*** Data provided Section Begins ***

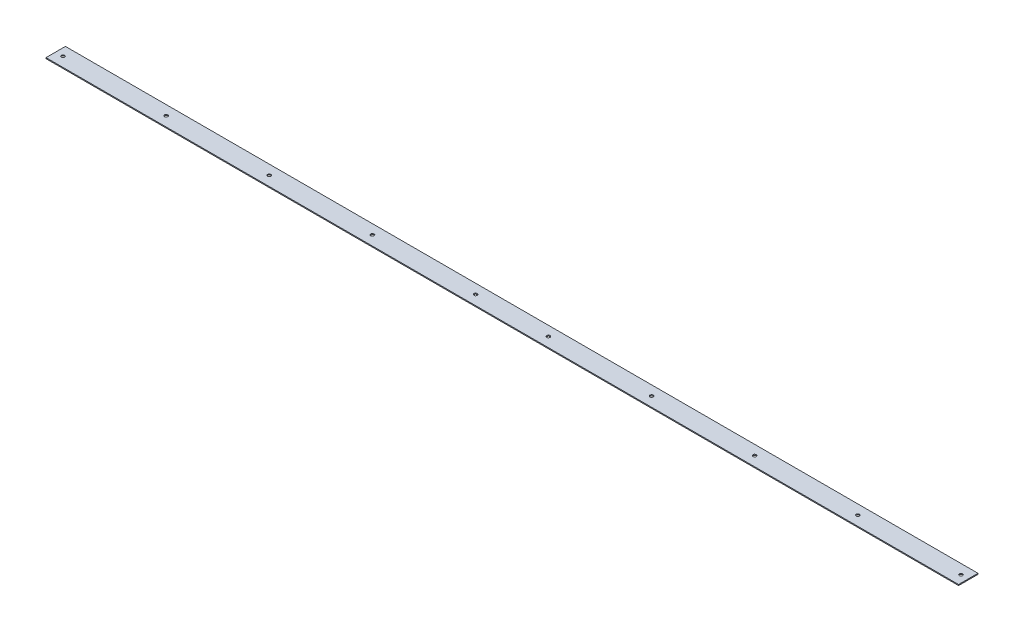
ISO-10303-21;
HEADER;
FILE_DESCRIPTION(('STEP AP214'),'2;1');
FILE_NAME('part.step','',(''),(''),'','','');
FILE_SCHEMA(('AUTOMOTIVE_DESIGN { 1 0 10303 214 1 1 1 1 }'));
ENDSEC;
DATA;
#1=APPLICATION_CONTEXT('core data for automotive mechanical design processes');
#2=APPLICATION_PROTOCOL_DEFINITION('international standard','automotive_design',2000,#1);
#3=PRODUCT_CONTEXT('',#1,'mechanical');
#4=PRODUCT('Part','Part','',(#3));
#5=PRODUCT_RELATED_PRODUCT_CATEGORY('part','',(#4));
#6=PRODUCT_DEFINITION_FORMATION('','',#4);
#7=PRODUCT_DEFINITION_CONTEXT('part definition',#1,'design');
#8=PRODUCT_DEFINITION('design','',#6,#7);
#9=PRODUCT_DEFINITION_SHAPE('','',#8);
#10=(LENGTH_UNIT() NAMED_UNIT(*) SI_UNIT(.MILLI.,.METRE.));
#11=(NAMED_UNIT(*) PLANE_ANGLE_UNIT() SI_UNIT($,.RADIAN.));
#12=(NAMED_UNIT(*) SI_UNIT($,.STERADIAN.) SOLID_ANGLE_UNIT());
#13=UNCERTAINTY_MEASURE_WITH_UNIT(LENGTH_MEASURE(1.E-05),#10,'distance_accuracy_value','');
#14=(GEOMETRIC_REPRESENTATION_CONTEXT(3) GLOBAL_UNCERTAINTY_ASSIGNED_CONTEXT((#13)) GLOBAL_UNIT_ASSIGNED_CONTEXT((#10,
#11,#12)) REPRESENTATION_CONTEXT('',''));
#15=CARTESIAN_POINT('',(0.,0.,0.));
#16=DIRECTION('',(0.,0.,1.));
#17=DIRECTION('',(1.,0.,0.));
#18=AXIS2_PLACEMENT_3D('',#15,#16,#17);
#19=CARTESIAN_POINT('',(-940.,2.,20.0000000000001));
#20=DIRECTION('',(1.,0.,0.));
#21=DIRECTION('',(0.,0.,-1.));
#22=AXIS2_PLACEMENT_3D('',#19,#20,#21);
#23=PLANE('',#22);
#24=DIRECTION('',(0.,0.,1.));
#25=VECTOR('',#24,1.);
#26=CARTESIAN_POINT('',(-940.,0.,20.0000000000001));
#27=LINE('',#26,#25);
#28=CARTESIAN_POINT('',(-940.,0.,-19.9999999999999));
#29=VERTEX_POINT('',#28);
#30=CARTESIAN_POINT('',(-940.,0.,20.0000000000001));
#31=VERTEX_POINT('',#30);
#32=EDGE_CURVE('E104',#29,#31,#27,.T.);
#33=ORIENTED_EDGE('',*,*,#32,.T.);
#34=DIRECTION('',(0.,-1.,0.));
#35=VECTOR('',#34,1.);
#36=CARTESIAN_POINT('',(-940.,2.,20.0000000000001));
#37=LINE('',#36,#35);
#38=CARTESIAN_POINT('',(-940.,2.,20.0000000000001));
#39=VERTEX_POINT('',#38);
#40=EDGE_CURVE('E11',#39,#31,#37,.T.);
#41=ORIENTED_EDGE('',*,*,#40,.F.);
#42=DIRECTION('',(0.,0.,1.));
#43=VECTOR('',#42,1.);
#44=CARTESIAN_POINT('',(-940.,2.,20.0000000000001));
#45=LINE('',#44,#43);
#46=CARTESIAN_POINT('',(-940.,2.,-19.9999999999999));
#47=VERTEX_POINT('',#46);
#48=EDGE_CURVE('E91',#47,#39,#45,.T.);
#49=ORIENTED_EDGE('',*,*,#48,.F.);
#50=DIRECTION('',(0.,-1.,0.));
#51=VECTOR('',#50,1.);
#52=CARTESIAN_POINT('',(-940.,2.,-19.9999999999999));
#53=LINE('',#52,#51);
#54=EDGE_CURVE('E100',#47,#29,#53,.T.);
#55=ORIENTED_EDGE('',*,*,#54,.T.);
#56=EDGE_LOOP('',(#33,#41,#49,#55));
#57=FACE_BOUND('',#56,.T.);
#58=ADVANCED_FACE('F38',(#57),#23,.F.);
#59=CARTESIAN_POINT('',(940.,2.,19.9999999999998));
#60=DIRECTION('',(0.,0.,-1.));
#61=DIRECTION('',(-1.,0.,0.));
#62=AXIS2_PLACEMENT_3D('',#59,#60,#61);
#63=PLANE('',#62);
#64=DIRECTION('',(1.,0.,0.));
#65=VECTOR('',#64,1.);
#66=CARTESIAN_POINT('',(940.,0.,19.9999999999998));
#67=LINE('',#66,#65);
#68=CARTESIAN_POINT('',(940.,0.,19.9999999999998));
#69=VERTEX_POINT('',#68);
#70=EDGE_CURVE('E95',#31,#69,#67,.T.);
#71=ORIENTED_EDGE('',*,*,#70,.T.);
#72=DIRECTION('',(0.,-1.,0.));
#73=VECTOR('',#72,1.);
#74=CARTESIAN_POINT('',(940.,2.,19.9999999999998));
#75=LINE('',#74,#73);
#76=CARTESIAN_POINT('',(940.,2.,19.9999999999998));
#77=VERTEX_POINT('',#76);
#78=EDGE_CURVE('E47',#77,#69,#75,.T.);
#79=ORIENTED_EDGE('',*,*,#78,.F.);
#80=DIRECTION('',(1.,0.,0.));
#81=VECTOR('',#80,1.);
#82=CARTESIAN_POINT('',(940.,2.,19.9999999999998));
#83=LINE('',#82,#81);
#84=EDGE_CURVE('E86',#39,#77,#83,.T.);
#85=ORIENTED_EDGE('',*,*,#84,.F.);
#86=ORIENTED_EDGE('',*,*,#40,.T.);
#87=EDGE_LOOP('',(#71,#79,#85,#86));
#88=FACE_BOUND('',#87,.T.);
#89=ADVANCED_FACE('F94',(#88),#63,.F.);
#90=CARTESIAN_POINT('',(940.,2.,19.9999999999998));
#91=DIRECTION('',(-1.,0.,0.));
#92=DIRECTION('',(0.,0.,1.));
#93=AXIS2_PLACEMENT_3D('',#90,#91,#92);
#94=PLANE('',#93);
#95=DIRECTION('',(0.,0.,-1.));
#96=VECTOR('',#95,1.);
#97=CARTESIAN_POINT('',(940.,0.,19.9999999999998));
#98=LINE('',#97,#96);
#99=CARTESIAN_POINT('',(940.,0.,-20.0000000000002));
#100=VERTEX_POINT('',#99);
#101=EDGE_CURVE('E73',#69,#100,#98,.T.);
#102=ORIENTED_EDGE('',*,*,#101,.T.);
#103=DIRECTION('',(0.,-1.,0.));
#104=VECTOR('',#103,1.);
#105=CARTESIAN_POINT('',(940.,2.,-20.0000000000002));
#106=LINE('',#105,#104);
#107=CARTESIAN_POINT('',(940.,2.,-20.0000000000002));
#108=VERTEX_POINT('',#107);
#109=EDGE_CURVE('E96',#108,#100,#106,.T.);
#110=ORIENTED_EDGE('',*,*,#109,.F.);
#111=DIRECTION('',(0.,0.,-1.));
#112=VECTOR('',#111,1.);
#113=CARTESIAN_POINT('',(940.,2.,19.9999999999998));
#114=LINE('',#113,#112);
#115=EDGE_CURVE('E89',#77,#108,#114,.T.);
#116=ORIENTED_EDGE('',*,*,#115,.F.);
#117=ORIENTED_EDGE('',*,*,#78,.T.);
#118=EDGE_LOOP('',(#102,#110,#116,#117));
#119=FACE_BOUND('',#118,.T.);
#120=ADVANCED_FACE('F98',(#119),#94,.F.);
#121=CARTESIAN_POINT('',(940.,2.,-20.0000000000002));
#122=DIRECTION('',(0.,0.,1.));
#123=DIRECTION('',(1.,0.,0.));
#124=AXIS2_PLACEMENT_3D('',#121,#122,#123);
#125=PLANE('',#124);
#126=DIRECTION('',(-1.,0.,0.));
#127=VECTOR('',#126,1.);
#128=CARTESIAN_POINT('',(940.,0.,-20.0000000000002));
#129=LINE('',#128,#127);
#130=EDGE_CURVE('E79',#100,#29,#129,.T.);
#131=ORIENTED_EDGE('',*,*,#130,.T.);
#132=ORIENTED_EDGE('',*,*,#54,.F.);
#133=DIRECTION('',(-1.,0.,0.));
#134=VECTOR('',#133,1.);
#135=CARTESIAN_POINT('',(940.,2.,-20.0000000000002));
#136=LINE('',#135,#134);
#137=EDGE_CURVE('E56',#108,#47,#136,.T.);
#138=ORIENTED_EDGE('',*,*,#137,.F.);
#139=ORIENTED_EDGE('',*,*,#109,.T.);
#140=EDGE_LOOP('',(#131,#132,#138,#139));
#141=FACE_BOUND('',#140,.T.);
#142=ADVANCED_FACE('F174',(#141),#125,.F.);
#143=CARTESIAN_POINT('',(0.,2.,0.));
#144=DIRECTION('',(0.,1.,0.));
#145=DIRECTION('',(0.,0.,1.));
#146=AXIS2_PLACEMENT_3D('',#143,#144,#145);
#147=PLANE('',#146);
#148=CARTESIAN_POINT('',(-925.,2.,0.));
#149=DIRECTION('',(0.,1.,0.));
#150=DIRECTION('',(0.,0.,1.));
#151=AXIS2_PLACEMENT_3D('',#148,#149,#150);
#152=CIRCLE('',#151,3.39999999999992);
#153=CARTESIAN_POINT('',(-925.,2.,3.39999999999999));
#154=VERTEX_POINT('',#153);
#155=EDGE_CURVE('E116',#154,#154,#152,.T.);
#156=ORIENTED_EDGE('',*,*,#155,.F.);
#157=EDGE_LOOP('',(#156));
#158=FACE_BOUND('',#157,.T.);
#159=CARTESIAN_POINT('',(74.9999999999996,2.,6.0049072150724E-12));
#160=DIRECTION('',(0.,1.,0.));
#161=DIRECTION('',(0.,0.,1.));
#162=AXIS2_PLACEMENT_3D('',#159,#160,#161);
#163=CIRCLE('',#162,3.4);
#164=CARTESIAN_POINT('',(74.9999999999996,2.,3.400000000006));
#165=VERTEX_POINT('',#164);
#166=EDGE_CURVE('E314',#165,#165,#163,.T.);
#167=ORIENTED_EDGE('',*,*,#166,.F.);
#168=EDGE_LOOP('',(#167));
#169=FACE_BOUND('',#168,.T.);
#170=CARTESIAN_POINT('',(287.5,2.,4.52102764606407E-12));
#171=DIRECTION('',(0.,1.,0.));
#172=DIRECTION('',(0.,0.,1.));
#173=AXIS2_PLACEMENT_3D('',#170,#171,#172);
#174=CIRCLE('',#173,3.40000000000003);
#175=CARTESIAN_POINT('',(287.5,2.,3.40000000000455));
#176=VERTEX_POINT('',#175);
#177=EDGE_CURVE('E288',#176,#176,#174,.T.);
#178=ORIENTED_EDGE('',*,*,#177,.F.);
#179=EDGE_LOOP('',(#178));
#180=FACE_BOUND('',#179,.T.);
#181=CARTESIAN_POINT('',(500.,2.,3.03714807705574E-12));
#182=DIRECTION('',(0.,1.,0.));
#183=DIRECTION('',(0.,0.,1.));
#184=AXIS2_PLACEMENT_3D('',#181,#182,#183);
#185=CIRCLE('',#184,3.39999999999997);
#186=CARTESIAN_POINT('',(500.,2.,3.40000000000301));
#187=VERTEX_POINT('',#186);
#188=EDGE_CURVE('E313',#187,#187,#185,.T.);
#189=ORIENTED_EDGE('',*,*,#188,.F.);
#190=EDGE_LOOP('',(#189));
#191=FACE_BOUND('',#190,.T.);
#192=CARTESIAN_POINT('',(712.5,2.,1.5532685080474E-12));
#193=DIRECTION('',(0.,1.,0.));
#194=DIRECTION('',(0.,0.,1.));
#195=AXIS2_PLACEMENT_3D('',#192,#193,#194);
#196=CIRCLE('',#195,3.39999999999992);
#197=CARTESIAN_POINT('',(712.5,2.,3.40000000000147));
#198=VERTEX_POINT('',#197);
#199=EDGE_CURVE('E317',#198,#198,#196,.T.);
#200=ORIENTED_EDGE('',*,*,#199,.F.);
#201=EDGE_LOOP('',(#200));
#202=FACE_BOUND('',#201,.T.);
#203=CARTESIAN_POINT('',(925.,2.,0.));
#204=DIRECTION('',(0.,1.,0.));
#205=DIRECTION('',(0.,0.,1.));
#206=AXIS2_PLACEMENT_3D('',#203,#204,#205);
#207=CIRCLE('',#206,3.39999999999992);
#208=CARTESIAN_POINT('',(925.,2.,3.39999999999999));
#209=VERTEX_POINT('',#208);
#210=EDGE_CURVE('E324',#209,#209,#207,.T.);
#211=ORIENTED_EDGE('',*,*,#210,.F.);
#212=EDGE_LOOP('',(#211));
#213=FACE_BOUND('',#212,.T.);
#214=CARTESIAN_POINT('',(-75.0000000000002,2.,0.));
#215=DIRECTION('',(0.,1.,0.));
#216=DIRECTION('',(0.,0.,1.));
#217=AXIS2_PLACEMENT_3D('',#214,#215,#216);
#218=CIRCLE('',#217,3.4);
#219=CARTESIAN_POINT('',(-75.0000000000002,2.,3.40000000000007));
#220=VERTEX_POINT('',#219);
#221=EDGE_CURVE('E327',#220,#220,#218,.T.);
#222=ORIENTED_EDGE('',*,*,#221,.F.);
#223=EDGE_LOOP('',(#222));
#224=FACE_BOUND('',#223,.T.);
#225=CARTESIAN_POINT('',(-287.5,2.,0.));
#226=DIRECTION('',(0.,1.,0.));
#227=DIRECTION('',(0.,0.,1.));
#228=AXIS2_PLACEMENT_3D('',#225,#226,#227);
#229=CIRCLE('',#228,3.40000000000003);
#230=CARTESIAN_POINT('',(-287.5,2.,3.4000000000001));
#231=VERTEX_POINT('',#230);
#232=EDGE_CURVE('E330',#231,#231,#229,.T.);
#233=ORIENTED_EDGE('',*,*,#232,.F.);
#234=EDGE_LOOP('',(#233));
#235=FACE_BOUND('',#234,.T.);
#236=CARTESIAN_POINT('',(-500.,2.,0.));
#237=DIRECTION('',(0.,1.,0.));
#238=DIRECTION('',(0.,0.,1.));
#239=AXIS2_PLACEMENT_3D('',#236,#237,#238);
#240=CIRCLE('',#239,3.40000000000003);
#241=CARTESIAN_POINT('',(-500.,2.,3.4000000000001));
#242=VERTEX_POINT('',#241);
#243=EDGE_CURVE('E333',#242,#242,#240,.T.);
#244=ORIENTED_EDGE('',*,*,#243,.F.);
#245=EDGE_LOOP('',(#244));
#246=FACE_BOUND('',#245,.T.);
#247=CARTESIAN_POINT('',(-712.5,2.,0.));
#248=DIRECTION('',(0.,1.,0.));
#249=DIRECTION('',(0.,0.,1.));
#250=AXIS2_PLACEMENT_3D('',#247,#248,#249);
#251=CIRCLE('',#250,3.39999999999992);
#252=CARTESIAN_POINT('',(-712.5,2.,3.39999999999999));
#253=VERTEX_POINT('',#252);
#254=EDGE_CURVE('E336',#253,#253,#251,.T.);
#255=ORIENTED_EDGE('',*,*,#254,.F.);
#256=EDGE_LOOP('',(#255));
#257=FACE_BOUND('',#256,.T.);
#258=ORIENTED_EDGE('',*,*,#48,.T.);
#259=ORIENTED_EDGE('',*,*,#84,.T.);
#260=ORIENTED_EDGE('',*,*,#115,.T.);
#261=ORIENTED_EDGE('',*,*,#137,.T.);
#262=EDGE_LOOP('',(#258,#259,#260,#261));
#263=FACE_BOUND('',#262,.T.);
#264=ADVANCED_FACE('F87',(#158,#169,#180,#191,#202,#213,#224,#235,#246,#257,#263),#147,.T.);
#265=CARTESIAN_POINT('',(0.,0.,0.));
#266=DIRECTION('',(0.,1.,0.));
#267=DIRECTION('',(0.,0.,1.));
#268=AXIS2_PLACEMENT_3D('',#265,#266,#267);
#269=PLANE('',#268);
#270=CARTESIAN_POINT('',(-925.,0.,0.));
#271=DIRECTION('',(0.,1.,0.));
#272=DIRECTION('',(0.,0.,1.));
#273=AXIS2_PLACEMENT_3D('',#270,#271,#272);
#274=CIRCLE('',#273,3.39999999999992);
#275=CARTESIAN_POINT('',(-925.,0.,3.39999999999999));
#276=VERTEX_POINT('',#275);
#277=EDGE_CURVE('E41',#276,#276,#274,.T.);
#278=ORIENTED_EDGE('',*,*,#277,.T.);
#279=EDGE_LOOP('',(#278));
#280=FACE_BOUND('',#279,.T.);
#281=CARTESIAN_POINT('',(74.9999999999996,0.,6.0049072150724E-12));
#282=DIRECTION('',(0.,1.,0.));
#283=DIRECTION('',(0.,0.,1.));
#284=AXIS2_PLACEMENT_3D('',#281,#282,#283);
#285=CIRCLE('',#284,3.4);
#286=CARTESIAN_POINT('',(74.9999999999996,0.,3.400000000006));
#287=VERTEX_POINT('',#286);
#288=EDGE_CURVE('E136',#287,#287,#285,.T.);
#289=ORIENTED_EDGE('',*,*,#288,.T.);
#290=EDGE_LOOP('',(#289));
#291=FACE_BOUND('',#290,.T.);
#292=CARTESIAN_POINT('',(287.5,0.,4.52102764606407E-12));
#293=DIRECTION('',(0.,1.,0.));
#294=DIRECTION('',(0.,0.,1.));
#295=AXIS2_PLACEMENT_3D('',#292,#293,#294);
#296=CIRCLE('',#295,3.40000000000003);
#297=CARTESIAN_POINT('',(287.5,0.,3.40000000000455));
#298=VERTEX_POINT('',#297);
#299=EDGE_CURVE('E134',#298,#298,#296,.T.);
#300=ORIENTED_EDGE('',*,*,#299,.T.);
#301=EDGE_LOOP('',(#300));
#302=FACE_BOUND('',#301,.T.);
#303=CARTESIAN_POINT('',(500.,0.,3.03714807705574E-12));
#304=DIRECTION('',(0.,1.,0.));
#305=DIRECTION('',(0.,0.,1.));
#306=AXIS2_PLACEMENT_3D('',#303,#304,#305);
#307=CIRCLE('',#306,3.39999999999997);
#308=CARTESIAN_POINT('',(500.,0.,3.40000000000301));
#309=VERTEX_POINT('',#308);
#310=EDGE_CURVE('E131',#309,#309,#307,.T.);
#311=ORIENTED_EDGE('',*,*,#310,.T.);
#312=EDGE_LOOP('',(#311));
#313=FACE_BOUND('',#312,.T.);
#314=CARTESIAN_POINT('',(712.5,0.,1.5532685080474E-12));
#315=DIRECTION('',(0.,1.,0.));
#316=DIRECTION('',(0.,0.,1.));
#317=AXIS2_PLACEMENT_3D('',#314,#315,#316);
#318=CIRCLE('',#317,3.39999999999992);
#319=CARTESIAN_POINT('',(712.5,0.,3.40000000000147));
#320=VERTEX_POINT('',#319);
#321=EDGE_CURVE('E128',#320,#320,#318,.T.);
#322=ORIENTED_EDGE('',*,*,#321,.T.);
#323=EDGE_LOOP('',(#322));
#324=FACE_BOUND('',#323,.T.);
#325=CARTESIAN_POINT('',(925.,0.,0.));
#326=DIRECTION('',(0.,1.,0.));
#327=DIRECTION('',(0.,0.,1.));
#328=AXIS2_PLACEMENT_3D('',#325,#326,#327);
#329=CIRCLE('',#328,3.39999999999992);
#330=CARTESIAN_POINT('',(925.,0.,3.39999999999999));
#331=VERTEX_POINT('',#330);
#332=EDGE_CURVE('E125',#331,#331,#329,.T.);
#333=ORIENTED_EDGE('',*,*,#332,.T.);
#334=EDGE_LOOP('',(#333));
#335=FACE_BOUND('',#334,.T.);
#336=CARTESIAN_POINT('',(-75.0000000000002,0.,0.));
#337=DIRECTION('',(0.,1.,0.));
#338=DIRECTION('',(0.,0.,1.));
#339=AXIS2_PLACEMENT_3D('',#336,#337,#338);
#340=CIRCLE('',#339,3.4);
#341=CARTESIAN_POINT('',(-75.0000000000002,0.,3.40000000000007));
#342=VERTEX_POINT('',#341);
#343=EDGE_CURVE('E122',#342,#342,#340,.T.);
#344=ORIENTED_EDGE('',*,*,#343,.T.);
#345=EDGE_LOOP('',(#344));
#346=FACE_BOUND('',#345,.T.);
#347=CARTESIAN_POINT('',(-287.5,0.,0.));
#348=DIRECTION('',(0.,1.,0.));
#349=DIRECTION('',(0.,0.,1.));
#350=AXIS2_PLACEMENT_3D('',#347,#348,#349);
#351=CIRCLE('',#350,3.40000000000003);
#352=CARTESIAN_POINT('',(-287.5,0.,3.4000000000001));
#353=VERTEX_POINT('',#352);
#354=EDGE_CURVE('E119',#353,#353,#351,.T.);
#355=ORIENTED_EDGE('',*,*,#354,.T.);
#356=EDGE_LOOP('',(#355));
#357=FACE_BOUND('',#356,.T.);
#358=CARTESIAN_POINT('',(-500.,0.,0.));
#359=DIRECTION('',(0.,1.,0.));
#360=DIRECTION('',(0.,0.,1.));
#361=AXIS2_PLACEMENT_3D('',#358,#359,#360);
#362=CIRCLE('',#361,3.40000000000003);
#363=CARTESIAN_POINT('',(-500.,0.,3.4000000000001));
#364=VERTEX_POINT('',#363);
#365=EDGE_CURVE('E115',#364,#364,#362,.T.);
#366=ORIENTED_EDGE('',*,*,#365,.T.);
#367=EDGE_LOOP('',(#366));
#368=FACE_BOUND('',#367,.T.);
#369=CARTESIAN_POINT('',(-712.5,0.,0.));
#370=DIRECTION('',(0.,1.,0.));
#371=DIRECTION('',(0.,0.,1.));
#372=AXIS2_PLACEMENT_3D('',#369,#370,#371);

*** Data provided Section Ends ***

Look above for the line holding "#112=VECTOR('',#111,1.);", then set down exactly that line and every line after it up to and including the line holding "#120=ADVANCED_FACE('F98',(#119),#94,.F.);", with nothing else.

#112=VECTOR('',#111,1.);
#113=CARTESIAN_POINT('',(940.,2.,19.9999999999998));
#114=LINE('',#113,#112);
#115=EDGE_CURVE('E89',#77,#108,#114,.T.);
#116=ORIENTED_EDGE('',*,*,#115,.F.);
#117=ORIENTED_EDGE('',*,*,#78,.T.);
#118=EDGE_LOOP('',(#102,#110,#116,#117));
#119=FACE_BOUND('',#118,.T.);
#120=ADVANCED_FACE('F98',(#119),#94,.F.);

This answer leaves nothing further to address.